[[ EXERCISE DATA, beginning ]]

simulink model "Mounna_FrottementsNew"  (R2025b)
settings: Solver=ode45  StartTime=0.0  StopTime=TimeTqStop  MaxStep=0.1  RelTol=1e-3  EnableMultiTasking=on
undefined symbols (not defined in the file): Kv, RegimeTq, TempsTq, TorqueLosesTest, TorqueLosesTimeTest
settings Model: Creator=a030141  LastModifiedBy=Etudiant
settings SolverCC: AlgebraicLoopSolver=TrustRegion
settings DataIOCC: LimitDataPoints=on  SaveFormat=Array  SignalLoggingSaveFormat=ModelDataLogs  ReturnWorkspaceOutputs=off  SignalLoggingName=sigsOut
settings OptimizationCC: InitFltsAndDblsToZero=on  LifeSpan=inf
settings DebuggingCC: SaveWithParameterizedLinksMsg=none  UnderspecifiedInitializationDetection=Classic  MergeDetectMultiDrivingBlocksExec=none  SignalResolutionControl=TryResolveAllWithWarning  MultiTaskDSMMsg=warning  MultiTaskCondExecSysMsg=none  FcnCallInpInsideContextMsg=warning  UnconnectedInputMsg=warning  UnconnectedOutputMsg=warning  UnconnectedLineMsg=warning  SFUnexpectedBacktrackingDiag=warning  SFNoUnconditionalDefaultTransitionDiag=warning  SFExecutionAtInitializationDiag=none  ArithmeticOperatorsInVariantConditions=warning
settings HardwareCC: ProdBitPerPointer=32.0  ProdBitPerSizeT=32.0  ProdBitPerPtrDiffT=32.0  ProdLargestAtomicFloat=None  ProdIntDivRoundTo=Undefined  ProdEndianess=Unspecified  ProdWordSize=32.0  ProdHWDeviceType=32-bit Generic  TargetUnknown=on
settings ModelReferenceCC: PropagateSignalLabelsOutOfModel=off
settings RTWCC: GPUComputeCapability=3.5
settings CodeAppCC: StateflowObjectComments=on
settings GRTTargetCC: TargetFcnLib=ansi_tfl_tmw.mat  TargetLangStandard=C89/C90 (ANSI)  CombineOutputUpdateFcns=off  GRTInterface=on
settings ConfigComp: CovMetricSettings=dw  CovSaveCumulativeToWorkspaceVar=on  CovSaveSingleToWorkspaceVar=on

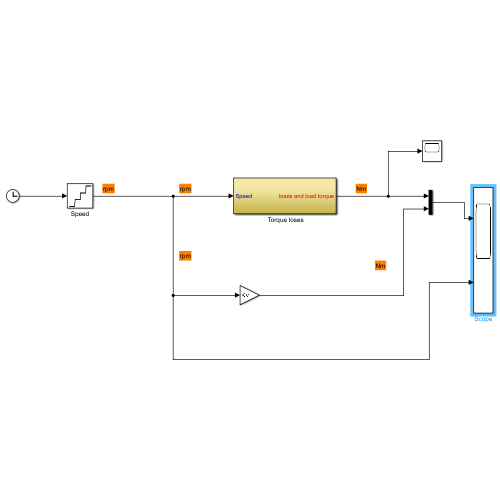
[thumbnail: Simulink's stored preview of the top-level diagram]
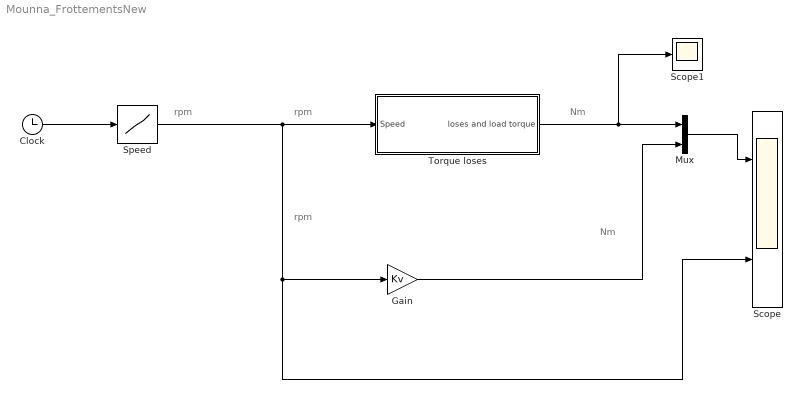
== system Mounna_FrottementsNew ==
  note: Nm
  note: rpm
  note: rpm
  note: rpm
  note: Nm
  " Torque loses" : Subsystem
  Clock : Clock
  Gain : Gain  Gain=Kv
  Mux : Mux  Inputs=2
  Scope : Scope  NumInputPorts=2
      settings: Title=Couple [Nm]  ActiveDisplayYMinimum=-114.2769674671385  ActiveDisplayYMaximum=10.919663051904275
  Scope1 : Scope
      settings: ActiveDisplayYMinimum=-1  ActiveDisplayYMaximum=1
  Speed : Lookup  InputValues=TempsTq  Table=RegimeTq
  wires:
  Clock/1 -> Speed/1
  Speed/1 -> Scope/2, Gain/1, " Torque loses"/1(Speed)
  Mux/1 -> Scope/1
  " Torque loses"/1(loses and load torque) -> Scope1/1, Mux/1
  Gain/1 -> Mux/2

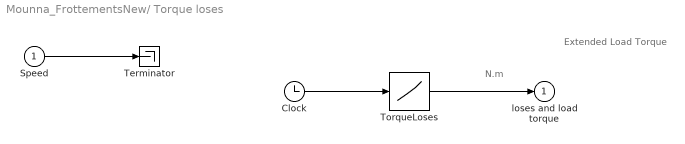
== system Mounna_FrottementsNew/ Torque loses ==
  note: N.m
  note: Extended Load Torque
  Speed : Inport
  Clock : Clock
  Terminator : Terminator
  TorqueLoses : Lookup  InputValues=TorqueLosesTimeTest  Table=TorqueLosesTest
  loses and load torque : Outport
  wires:
  Clock/1 -> TorqueLoses/1
  TorqueLoses/1 -> loses and load torque/1
  Speed/1 -> Terminator/1

[[ EXERCISE DATA, end ]]

◆ ASSIGNMENT: Give every entry above again, exactly, and keep all pictures out of it.

◆ YOUR SOLUTION:
simulink model "Mounna_FrottementsNew"  (R2025b)
settings: Solver=ode45  StartTime=0.0  StopTime=TimeTqStop  MaxStep=0.1  RelTol=1e-3  EnableMultiTasking=on
undefined symbols (not defined in the file): Kv, RegimeTq, TempsTq, TorqueLosesTest, TorqueLosesTimeTest
settings Model: Creator=a030141  LastModifiedBy=Etudiant
settings SolverCC: AlgebraicLoopSolver=TrustRegion
settings DataIOCC: LimitDataPoints=on  SaveFormat=Array  SignalLoggingSaveFormat=ModelDataLogs  ReturnWorkspaceOutputs=off  SignalLoggingName=sigsOut
settings OptimizationCC: InitFltsAndDblsToZero=on  LifeSpan=inf
settings DebuggingCC: SaveWithParameterizedLinksMsg=none  UnderspecifiedInitializationDetection=Classic  MergeDetectMultiDrivingBlocksExec=none  SignalResolutionControl=TryResolveAllWithWarning  MultiTaskDSMMsg=warning  MultiTaskCondExecSysMsg=none  FcnCallInpInsideContextMsg=warning  UnconnectedInputMsg=warning  UnconnectedOutputMsg=warning  UnconnectedLineMsg=warning  SFUnexpectedBacktrackingDiag=warning  SFNoUnconditionalDefaultTransitionDiag=warning  SFExecutionAtInitializationDiag=none  ArithmeticOperatorsInVariantConditions=warning
settings HardwareCC: ProdBitPerPointer=32.0  ProdBitPerSizeT=32.0  ProdBitPerPtrDiffT=32.0  ProdLargestAtomicFloat=None  ProdIntDivRoundTo=Undefined  ProdEndianess=Unspecified  ProdWordSize=32.0  ProdHWDeviceType=32-bit Generic  TargetUnknown=on
settings ModelReferenceCC: PropagateSignalLabelsOutOfModel=off
settings RTWCC: GPUComputeCapability=3.5
settings CodeAppCC: StateflowObjectComments=on
settings GRTTargetCC: TargetFcnLib=ansi_tfl_tmw.mat  TargetLangStandard=C89/C90 (ANSI)  CombineOutputUpdateFcns=off  GRTInterface=on
settings ConfigComp: CovMetricSettings=dw  CovSaveCumulativeToWorkspaceVar=on  CovSaveSingleToWorkspaceVar=on

[thumbnail: Simulink's stored preview of the top-level diagram]
== system Mounna_FrottementsNew ==
  note: Nm
  note: rpm
  note: rpm
  note: rpm
  note: Nm
  " Torque loses" : Subsystem
  Clock : Clock
  Gain : Gain  Gain=Kv
  Mux : Mux  Inputs=2
  Scope : Scope  NumInputPorts=2
      settings: Title=Couple [Nm]  ActiveDisplayYMinimum=-114.2769674671385  ActiveDisplayYMaximum=10.919663051904275
  Scope1 : Scope
      settings: ActiveDisplayYMinimum=-1  ActiveDisplayYMaximum=1
  Speed : Lookup  InputValues=TempsTq  Table=RegimeTq
  wires:
  Clock/1 -> Speed/1
  Speed/1 -> Scope/2, Gain/1, " Torque loses"/1(Speed)
  Mux/1 -> Scope/1
  " Torque loses"/1(loses and load torque) -> Scope1/1, Mux/1
  Gain/1 -> Mux/2

== system Mounna_FrottementsNew/ Torque loses ==
  note: N.m
  note: Extended Load Torque
  Speed : Inport
  Clock : Clock
  Terminator : Terminator
  TorqueLoses : Lookup  InputValues=TorqueLosesTimeTest  Table=TorqueLosesTest
  loses and load torque : Outport
  wires:
  Clock/1 -> TorqueLoses/1
  TorqueLoses/1 -> loses and load torque/1
  Speed/1 -> Terminator/1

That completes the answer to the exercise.